De acordo com a Constituição Federal, sobre os direitos e deveres individuais e coletivos, todos são iguais perante a lei, sem distinção de qualquer natureza, garantindo-se aos brasileiros e aos estrangeiros residentes no País a inviolabilidade do direito à vida, à liberdade, à igualdade, à segurança e à propriedade, nos termos seguintes, entre outros: I. É garantido o direito de propriedade. II. A lei estabelecerá o procedimento para desapropriação por necessidade ou utilidade pública, ou por interesse pessoal, mediante ulterior indenização em dinheiro, ressalvados os casos previstos nesta Constituição. III. No caso de iminente perigo público, a autoridade competente poderá usar de propriedade particular, assegurada ao proprietário indenização prévia. Está(ão) CORRETO(S):
- A)Somente o item I.
Correta, porque o art. 5º, XXII, da CF garante expressamente o direito de propriedade.
- B)Somente o item III.
Errada, porque o uso de propriedade particular em perigo público gera indenização posterior, e não prévia.

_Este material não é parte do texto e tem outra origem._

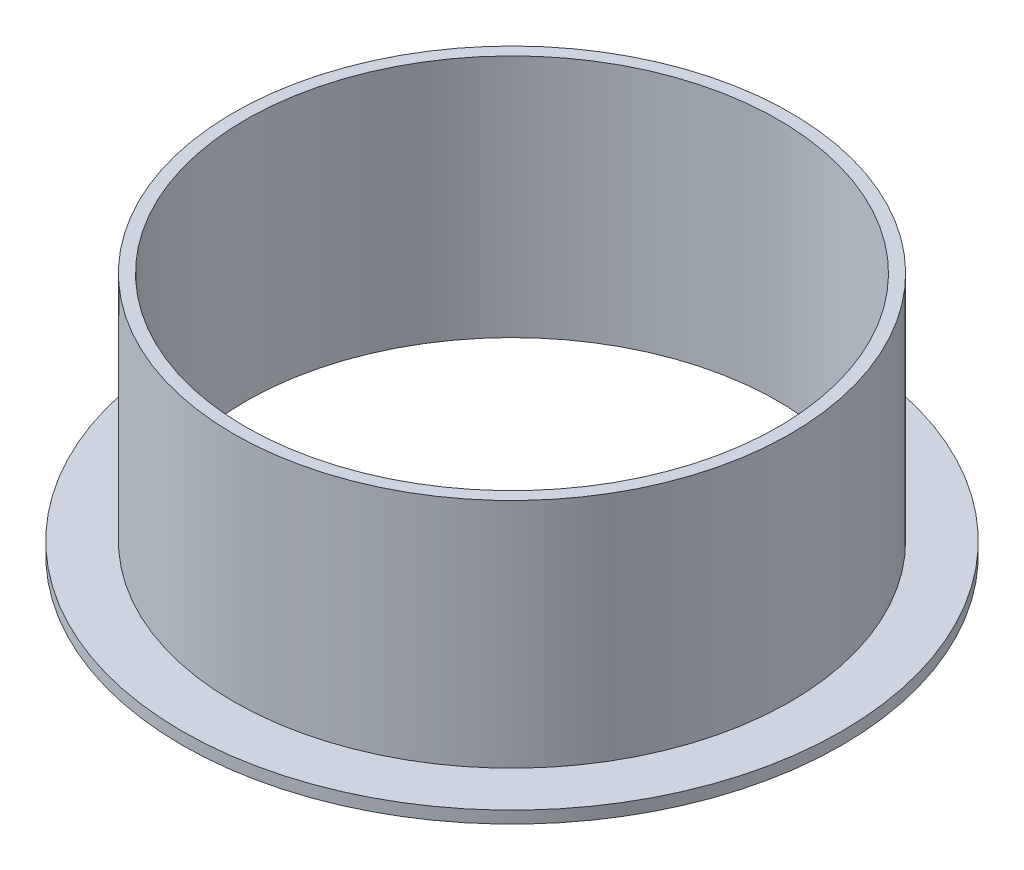
ISO-10303-21;
HEADER;
FILE_DESCRIPTION(('STEP AP214'),'2;1');
FILE_NAME('part.step','',(''),(''),'','','');
FILE_SCHEMA(('AUTOMOTIVE_DESIGN { 1 0 10303 214 1 1 1 1 }'));
ENDSEC;
DATA;
#1=APPLICATION_CONTEXT('core data for automotive mechanical design processes');
#2=APPLICATION_PROTOCOL_DEFINITION('international standard','automotive_design',2000,#1);
#3=PRODUCT_CONTEXT('',#1,'mechanical');
#4=PRODUCT('Part','Part','',(#3));
#5=PRODUCT_RELATED_PRODUCT_CATEGORY('part','',(#4));
#6=PRODUCT_DEFINITION_FORMATION('','',#4);
#7=PRODUCT_DEFINITION_CONTEXT('part definition',#1,'design');
#8=PRODUCT_DEFINITION('design','',#6,#7);
#9=PRODUCT_DEFINITION_SHAPE('','',#8);
#10=(LENGTH_UNIT() NAMED_UNIT(*) SI_UNIT(.MILLI.,.METRE.));
#11=(NAMED_UNIT(*) PLANE_ANGLE_UNIT() SI_UNIT($,.RADIAN.));
#12=(NAMED_UNIT(*) SI_UNIT($,.STERADIAN.) SOLID_ANGLE_UNIT());
#13=UNCERTAINTY_MEASURE_WITH_UNIT(LENGTH_MEASURE(1.E-05),#10,'distance_accuracy_value','');
#14=(GEOMETRIC_REPRESENTATION_CONTEXT(3) GLOBAL_UNCERTAINTY_ASSIGNED_CONTEXT((#13)) GLOBAL_UNIT_ASSIGNED_CONTEXT((#10,
#11,#12)) REPRESENTATION_CONTEXT('',''));
#15=CARTESIAN_POINT('',(0.,0.,0.));
#16=DIRECTION('',(0.,0.,1.));
#17=DIRECTION('',(1.,0.,0.));
#18=AXIS2_PLACEMENT_3D('',#15,#16,#17);
#19=CARTESIAN_POINT('',(0.,64.,0.));
#20=DIRECTION('',(0.,-1.,0.));
#21=DIRECTION('',(0.,0.,-1.));
#22=AXIS2_PLACEMENT_3D('',#19,#20,#21);
#23=CYLINDRICAL_SURFACE('',#22,69.85);
#24=CARTESIAN_POINT('',(0.,64.,0.));
#25=DIRECTION('',(0.,1.,0.));
#26=DIRECTION('',(0.,0.,1.));
#27=AXIS2_PLACEMENT_3D('',#24,#25,#26);
#28=CIRCLE('',#27,69.85);
#29=CARTESIAN_POINT('',(0.,64.,69.85));
#30=VERTEX_POINT('',#29);
#31=EDGE_CURVE('E43',#30,#30,#28,.T.);
#32=ORIENTED_EDGE('',*,*,#31,.T.);
#33=EDGE_LOOP('',(#32));
#34=FACE_BOUND('',#33,.T.);
#35=CARTESIAN_POINT('',(0.,0.,0.));
#36=DIRECTION('',(0.,1.,0.));
#37=DIRECTION('',(0.,0.,1.));
#38=AXIS2_PLACEMENT_3D('',#35,#36,#37);
#39=CIRCLE('',#38,69.85);
#40=CARTESIAN_POINT('',(0.,0.,69.85));
#41=VERTEX_POINT('',#40);
#42=EDGE_CURVE('E39',#41,#41,#39,.T.);
#43=ORIENTED_EDGE('',*,*,#42,.F.);
#44=EDGE_LOOP('',(#43));
#45=FACE_BOUND('',#44,.T.);
#46=ADVANCED_FACE('F36',(#34,#45),#23,.F.);
#47=CARTESIAN_POINT('',(0.,64.,0.));
#48=DIRECTION('',(0.,-1.,0.));
#49=DIRECTION('',(0.,0.,-1.));
#50=AXIS2_PLACEMENT_3D('',#47,#48,#49);
#51=CYLINDRICAL_SURFACE('',#50,73.025);
#52=CARTESIAN_POINT('',(0.,3.175,0.));
#53=DIRECTION('',(0.,1.,0.));
#54=DIRECTION('',(0.,0.,1.));
#55=AXIS2_PLACEMENT_3D('',#52,#53,#54);
#56=CIRCLE('',#55,73.025);
#57=CARTESIAN_POINT('',(0.,3.175,73.025));
#58=VERTEX_POINT('',#57);
#59=EDGE_CURVE('E52',#58,#58,#56,.T.);
#60=ORIENTED_EDGE('',*,*,#59,.T.);
#61=EDGE_LOOP('',(#60));
#62=FACE_BOUND('',#61,.T.);
#63=CARTESIAN_POINT('',(0.,64.,0.));
#64=DIRECTION('',(0.,1.,0.));
#65=DIRECTION('',(0.,0.,1.));
#66=AXIS2_PLACEMENT_3D('',#63,#64,#65);
#67=CIRCLE('',#66,73.025);
#68=CARTESIAN_POINT('',(0.,64.,73.025));
#69=VERTEX_POINT('',#68);
#70=EDGE_CURVE('E10',#69,#69,#67,.T.);
#71=ORIENTED_EDGE('',*,*,#70,.F.);
#72=EDGE_LOOP('',(#71));
#73=FACE_BOUND('',#72,.T.);
#74=ADVANCED_FACE('F59',(#62,#73),#51,.T.);
#75=CARTESIAN_POINT('',(0.,64.,0.));
#76=DIRECTION('',(0.,1.,0.));
#77=DIRECTION('',(0.,0.,1.));
#78=AXIS2_PLACEMENT_3D('',#75,#76,#77);
#79=PLANE('',#78);
#80=ORIENTED_EDGE('',*,*,#31,.F.);
#81=EDGE_LOOP('',(#80));
#82=FACE_BOUND('',#81,.T.);
#83=ORIENTED_EDGE('',*,*,#70,.T.);
#84=EDGE_LOOP('',(#83));
#85=FACE_BOUND('',#84,.T.);
#86=ADVANCED_FACE('F76',(#82,#85),#79,.T.);
#87=CARTESIAN_POINT('',(0.,0.,0.));
#88=DIRECTION('',(0.,1.,0.));
#89=DIRECTION('',(0.,0.,1.));
#90=AXIS2_PLACEMENT_3D('',#87,#88,#89);
#91=PLANE('',#90);
#92=ORIENTED_EDGE('',*,*,#42,.T.);
#93=EDGE_LOOP('',(#92));
#94=FACE_BOUND('',#93,.T.);
#95=CARTESIAN_POINT('',(0.,0.,0.));
#96=DIRECTION('',(0.,1.,0.));
#97=DIRECTION('',(0.,0.,1.));
#98=AXIS2_PLACEMENT_3D('',#95,#96,#97);
#99=CIRCLE('',#98,86.5);
#100=CARTESIAN_POINT('',(0.,0.,86.5));
#101=VERTEX_POINT('',#100);
#102=EDGE_CURVE('E49',#101,#101,#99,.T.);
#103=ORIENTED_EDGE('',*,*,#102,.F.);
#104=EDGE_LOOP('',(#103));
#105=FACE_BOUND('',#104,.T.);
#106=ADVANCED_FACE('F71',(#94,#105),#91,.F.);
#107=CARTESIAN_POINT('',(0.,3.175,0.));
#108=DIRECTION('',(0.,-1.,0.));
#109=DIRECTION('',(0.,0.,-1.));
#110=AXIS2_PLACEMENT_3D('',#107,#108,#109);
#111=CYLINDRICAL_SURFACE('',#110,86.5);
#112=CARTESIAN_POINT('',(0.,3.175,0.));
#113=DIRECTION('',(0.,1.,0.));
#114=DIRECTION('',(0.,0.,1.));
#115=AXIS2_PLACEMENT_3D('',#112,#113,#114);
#116=CIRCLE('',#115,86.5);
#117=CARTESIAN_POINT('',(0.,3.175,86.5));
#118=VERTEX_POINT('',#117);
#119=EDGE_CURVE('E53',#118,#118,#116,.T.);
#120=ORIENTED_EDGE('',*,*,#119,.F.);
#121=EDGE_LOOP('',(#120));
#122=FACE_BOUND('',#121,.T.);
#123=ORIENTED_EDGE('',*,*,#102,.T.);
#124=EDGE_LOOP('',(#123));
#125=FACE_BOUND('',#124,.T.);
#126=ADVANCED_FACE('F65',(#122,#125),#111,.T.);
#127=CARTESIAN_POINT('',(0.,3.175,0.));
#128=DIRECTION('',(0.,1.,0.));
#129=DIRECTION('',(0.,0.,1.));
#130=AXIS2_PLACEMENT_3D('',#127,#128,#129);
#131=PLANE('',#130);
#132=ORIENTED_EDGE('',*,*,#59,.F.);
#133=EDGE_LOOP('',(#132));
#134=FACE_BOUND('',#133,.T.);
#135=ORIENTED_EDGE('',*,*,#119,.T.);
#136=EDGE_LOOP('',(#135));
#137=FACE_BOUND('',#136,.T.);
#138=ADVANCED_FACE('F62',(#134,#137),#131,.T.);
#139=CLOSED_SHELL('',(#46,#74,#86,#106,#126,#138));
#140=MANIFOLD_SOLID_BREP('B2',#139);
#141=ADVANCED_BREP_SHAPE_REPRESENTATION('',(#18,#140),#14);
#142=SHAPE_DEFINITION_REPRESENTATION(#9,#141);
ENDSEC;
END-ISO-10303-21;

- C)Somente os itens I e II.
Errada, porque o item II está incorreto ao falar em desapropriação por interesse pessoal e em indenização ulterior.
- D)Somente os itens II e III.
Errada, porque tanto o item II quanto o III contrariam a redação constitucional.
- E)Todos os itens.
Errada, porque os itens II e III têm erros de conteúdo e de redação em relação à CF/88.
Gabarito: A
A Constituição Federal protege o direito de propriedade, mas esse direito não é absoluto: ele convive com limitações como desapropriação, requisição administrativa e função social da propriedade. No art. 5º, XXII, a CF/88 afirma expressamente que é garantido o direito de propriedade. Isso já torna o item I correto. O item II está errado porque a desapropriação, em regra, ocorre por necessidade ou utilidade pública, ou por interesse social, e não por interesse pessoal. Além disso, a indenização deve ser prévia e justa, em dinheiro, e não "ulterior". Aqui a banca misturou conceitos e trocou o motivo da desapropriação e a forma de pagamento. O item III também está errado. No caso de iminente perigo público, a autoridade pode usar propriedade particular, mas a indenização não é prévia: ela será posterior, se houver dano. Isso está no art. 5º, XXV, da Constituição. Por isso, somente o item I está correto, que é exatamente o gabarito A. É uma questão clássica de atenção ao texto constitucional: uma palavrinha trocada já derruba o item.